Baseline patient comorbidities as determined by the MBDBI were similar for the final ranibizumab and aflibercept cohorts at both assessment time points (Table 1). The mean (SD) number of units dispensed for the ranibizumab and aflibercept cohorts at month 6 was 5.3 (1.3) and 5.1 (1.4), respectively (adjusted mean difference 0.2; 95% CI 0.09 to 0.32). At month 12, the values were 8.9 (2.2) for the ranibizumab cohort and 8.9 (2.3) for the aflibercept cohort (adjusted mean difference 0.04; 95% CI −0.23 to 0.30) (Table 2, Fig. 2).

Table 1

Number and proportion of patients displaying comorbidities of the Medication-Based Disease Burden Index

Comorbidities	Ranibizumab cohort N (%)	Aflibercept cohort N (%)	P
Month 6 (180 days)	N = 1235	N = 959
No disease	1011 (81.86%)	809 (84.36%)	0.12
Alzheimer’s disease and other dementias	8 (0.65%)	3 (0.31%)	0.37
Asthma	69 (5.59%)	52 (5.42%)	0.87
Benign prostatic hypertrophy	10 (0.81%)	7 (0.73%)	0.83
Cerebrovascular disease	5 (0.40%)	2 (0.21%)	0.48
Cirrhosis	0 (0.00%)	0 (0.00%)
COPD	7 (0.57%)	6 (0.63%)	0.86
Diabetes mellitus	66 (5.34%)	41 (4.28%)	0.25
Epilepsy	7 (0.57%)	6 (0.63%)	0.86
Hepatitis B	0 (0.00%)	0 (0.00%)
Hepatitis C	0 (0.00%)	0 (0.00%)
HIV infection	0 (0.00%)	0 (0.00%)
Hypertensive heart disease	3 (0.24%)	3 (0.31%)	1.00
Ischemic heart disease	17 (1.38%)	9 (0.94%)	0.35
Malignant neoplasms	18 (1.46%)	6 (0.63%)	0.06
Nephritis/nephrosis	0 (0.00%)	0 (0.00%)
Parkinson’s disease	6 (0.49%)	2 (0.21%)	0.48
Peptic ulcer disease	2 (0.16%)	0 (0.00%)	0.51
Rheumatic heart disease	1 (0.08%)	3 (0.31%)	0.32
Skin diseases	79 (6.40%)	50 (5.21%)	0.24
Tuberculosis	0 (0.00%)	0 (0.00%)
Month 12 (360 days)	N = 578	N = 483
No disease	475 (82.18%)	406 (84.06%)	0.42
Alzheimer’s disease and other dementias	7 (1.21%)	2 (0.41%)	0.19
Asthma	33 (5.71%)	25 (5.18%)	0.70
Benign prostatic hypertrophy	2 (0.35%)	2 (0.41%)	1.00
Cerebrovascular disease	2 (0.35%)	1 (0.21%)	1.00
Cirrhosis	0 (0.00%)	0 (0.00%)
COPD	5 (0.87%)	3 (0.62%)	0.73
Diabetes mellitus	27 (4.67%)	19 (3.93%)	0.56
Epilepsy	3 (0.52%)	3 (0.62%)	1.00
Hepatitis B	0 (0.00%)	0 (0.00%)
Hepatitis C	0 (0.00%)	0 (0.00%)
HIV infection	0 (0.00%)	0 (0.00%)
Hypertensive heart disease	2 (0.35%)	3 (0.62%)	0.66
Ischemic heart disease	11 (1.90%)	5 (1.04%)	0.25
Malignant neoplasms	7 (1.21%)	3 (0.62%)	0.36
Nephritis/nephrosis	0 (0.00%)	0 (0.00%)
Parkinson’s disease	1 (0.17%)	1 (0.21%)	1.00
Peptic ulcer disease	0 (0.00%)	0 (0.00%)
Rheumatic heart disease	1 (0.17%)	2 (0.41%)	0.59
Skin diseases	35 (6.06%)	28 (5.80%)	0.86
Tuberculosis	0 (0.00%)	0 (0.00%)

Differences in proportion tests were used to compare the proportion of patients displaying the different comorbidities for each treatment cohort.
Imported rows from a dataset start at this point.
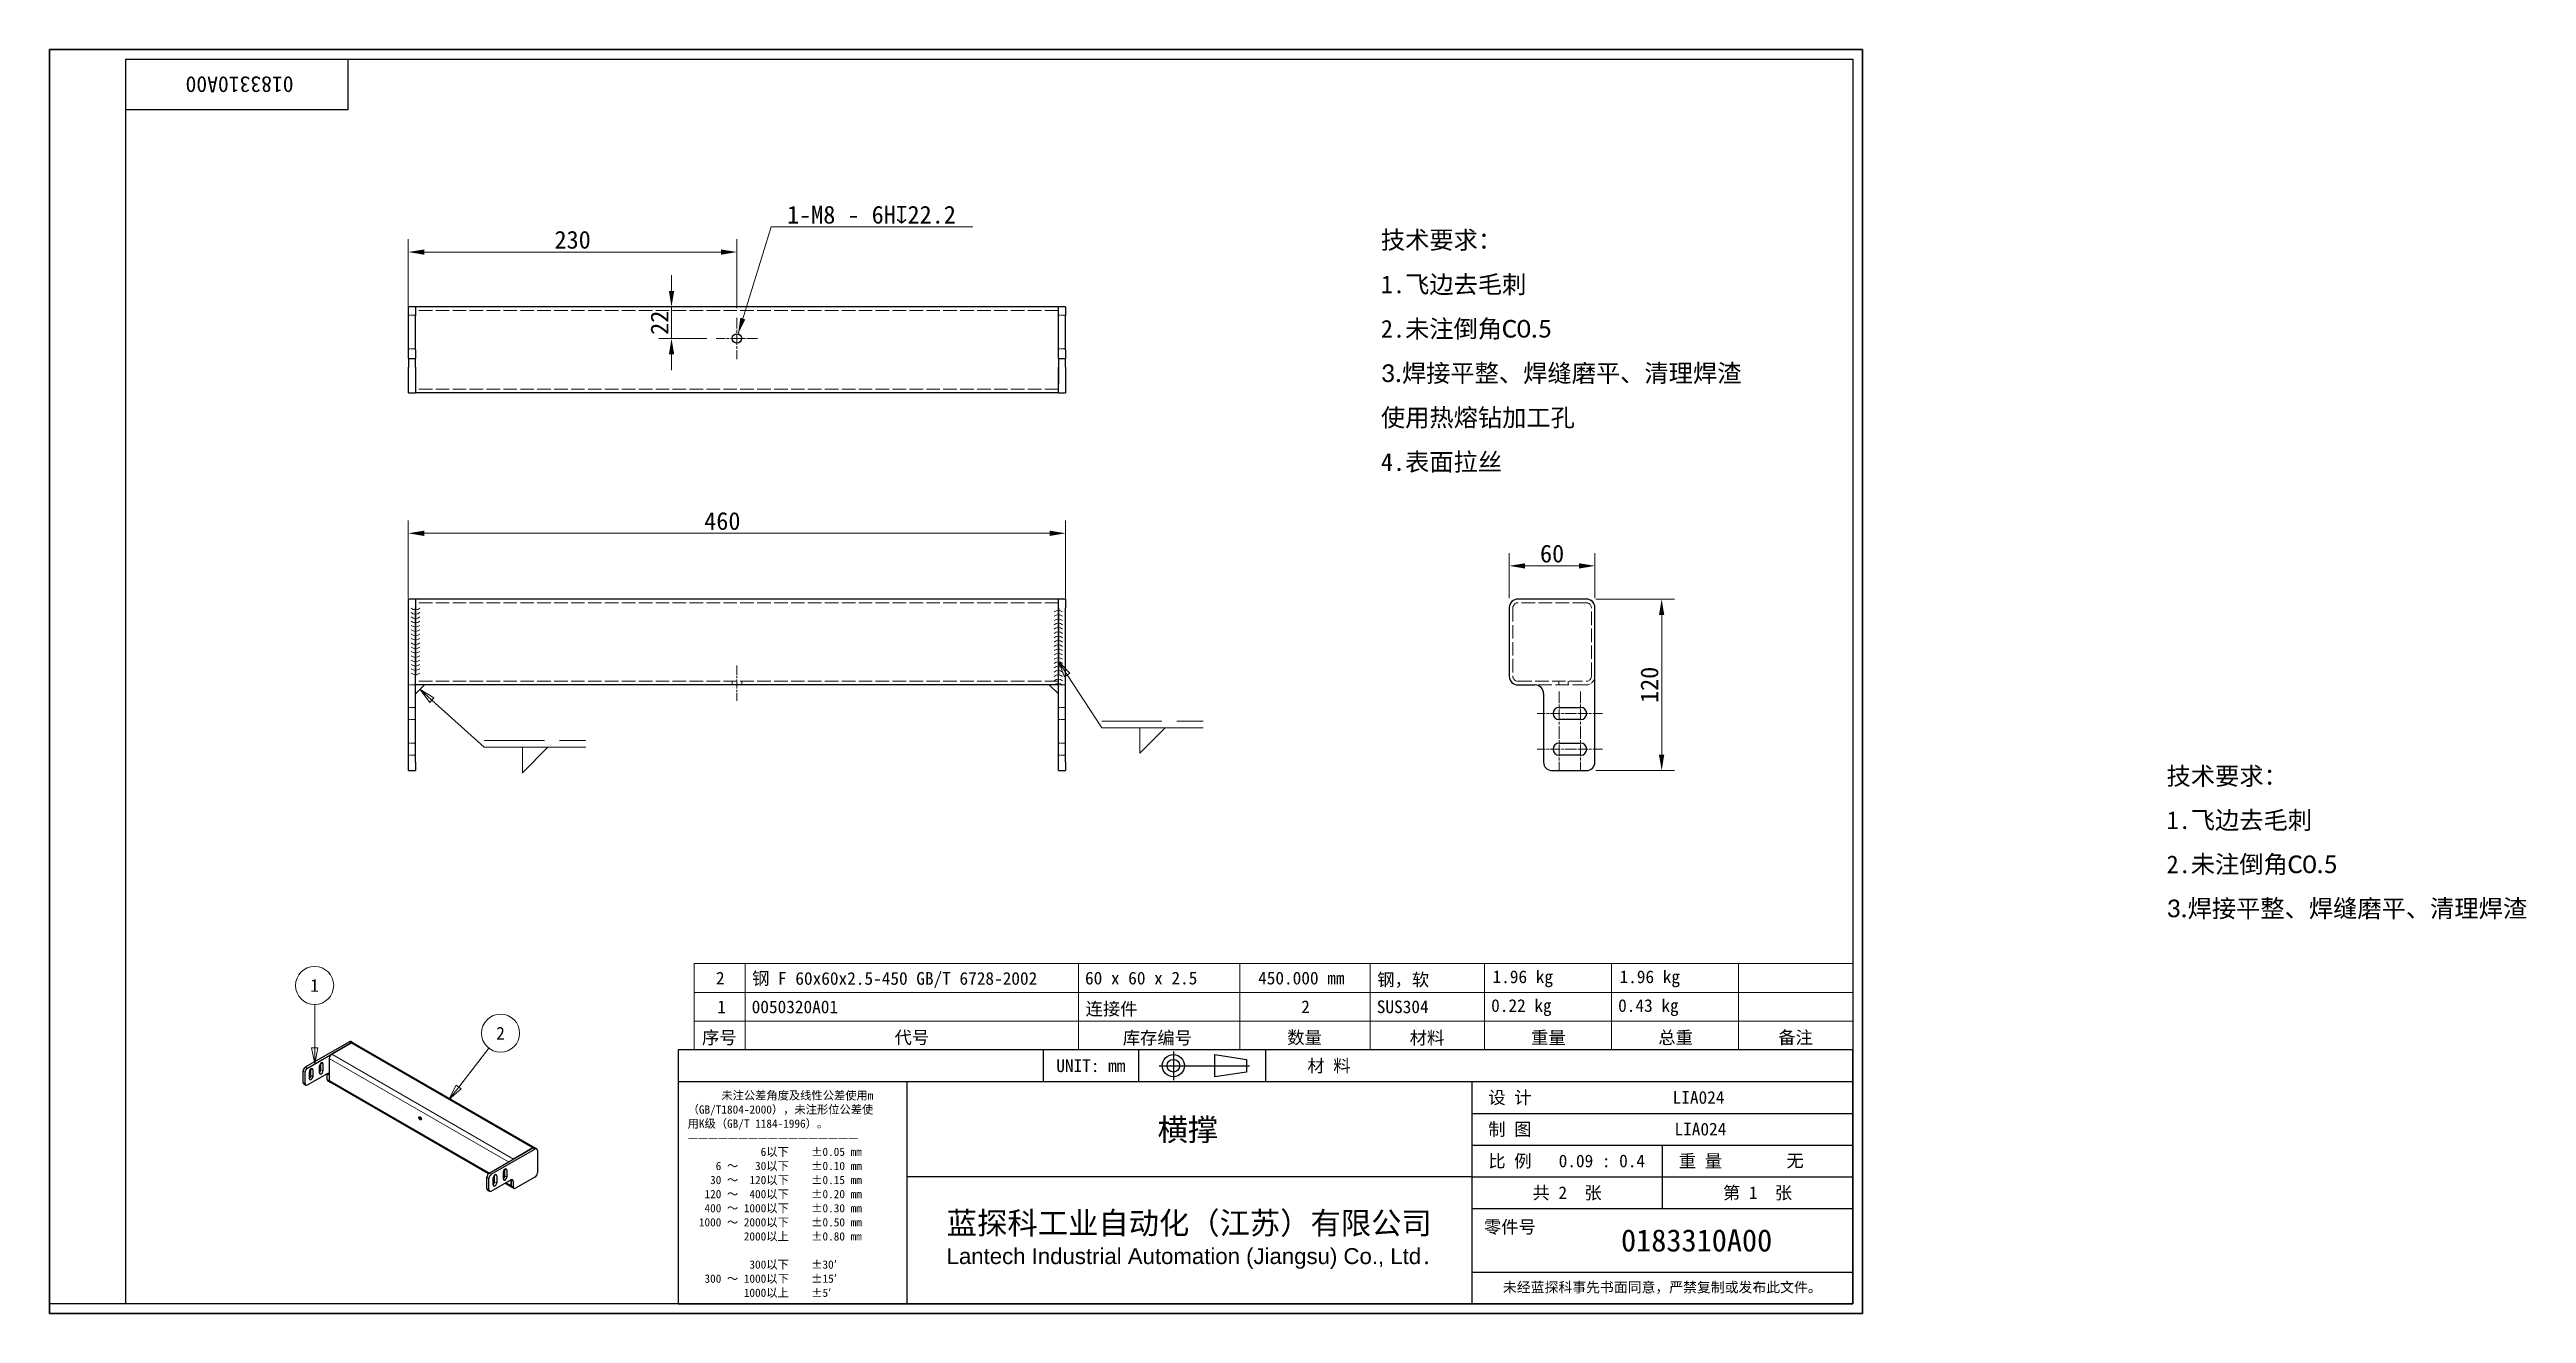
# Model space of a CAD drawing. Header units: millimetres. Extents: x 27 to 1760, y 24 to 909.
import ezdxf
from ezdxf.enums import TextEntityAlignment as Align

# ---------------------------------------------------------------- set-up
doc = ezdxf.new("R2010")
doc.units = ezdxf.units.MM
doc.header["$LTSCALE"] = 4.444444
doc.linetypes.add('CHAIN', pattern=[0.3543, 0.2362, -0.0295, 0.0591, -0.0295])
doc.linetypes.add('DASHED', pattern=[0.2067, 0.1654, -0.0413])
for name, color, linetype, lineweight in [('1', 7, 'Continuous', 18), ('可见 (ISO)', 7, 'Continuous', 25), ('可见窄的 (ISO)', 7, 'Continuous', 18), ('图框 (ISO)', 7, 'Continuous', 35), ('标题 (ISO)', 7, 'Continuous', 25)]:
    doc.layers.add(name, color=color, linetype=linetype, lineweight=lineweight)
for name, color, linetype, lineweight, true_color in [('中心标记 (ISO)', 1, 'CHAIN', 18, 0xff0000), ('中心线 (ISO)', 1, 'CHAIN', 18, 0xff0000), ('尺寸 (ISO)', 7, 'Continuous', 18, 0x008000), ('符号 (ISO)', 7, 'Continuous', 18, 0x008000), ('隐藏 (ISO)', 5, 'DASHED', 18, 0x0000ff)]:
    doc.layers.add(name, color=color, linetype=linetype, lineweight=lineweight, true_color=true_color)
doc.styles.add('文本样式164', font='SimSun.ttf')
doc.styles.add('文本样式165', font='SimSun.ttf')
doc.styles.add('文本样式74', font='SimSun.ttf')
doc.styles.add('最新国标', font='simfang.ttf')
doc.styles.add('注释文本 (ISO)', font='simfang.ttf')
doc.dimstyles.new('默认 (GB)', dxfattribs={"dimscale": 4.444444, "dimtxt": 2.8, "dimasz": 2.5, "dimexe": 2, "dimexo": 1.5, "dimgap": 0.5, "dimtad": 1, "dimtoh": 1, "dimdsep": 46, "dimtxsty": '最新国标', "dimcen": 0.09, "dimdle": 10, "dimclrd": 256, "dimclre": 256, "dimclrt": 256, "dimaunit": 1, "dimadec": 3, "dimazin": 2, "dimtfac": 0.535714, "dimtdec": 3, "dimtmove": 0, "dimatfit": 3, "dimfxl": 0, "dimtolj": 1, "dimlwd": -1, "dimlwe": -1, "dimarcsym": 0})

Analyses were conducted with the final month 6 and month 12 study cohorts

Table 2

The number of ranibizumab and aflibercept units dispensed for the ranibizumab and aflibercept cohorts at month 6 and month 12

	Ranibizumab cohort	Aflibercept cohort
Month 6 (180 days)
No. of patients	1235	959
No. of units dispensed	6527	4875
Meana	5.3 (1.3)	5.1 (1.4)
Range	2.0–11.0	2.0–12.0
Medianb	5.0 (4.0–6.0)	5 (4.0–6.0)
Adjusted mean differencec		0.20 (0.09–0.32)
Month 12 (360 days)
No. of patients	578	483
No. of units dispensed	5169	4301
Meana	8.9 (2.2)	8.9 (2.3)
Range	4.0–18.0	4.0–20.0
Medianb	9.0 (8.0–10.0)	9.0 (7.0–10.0)
Adjusted mean differencec		0.04 (–0.23 to 0.30)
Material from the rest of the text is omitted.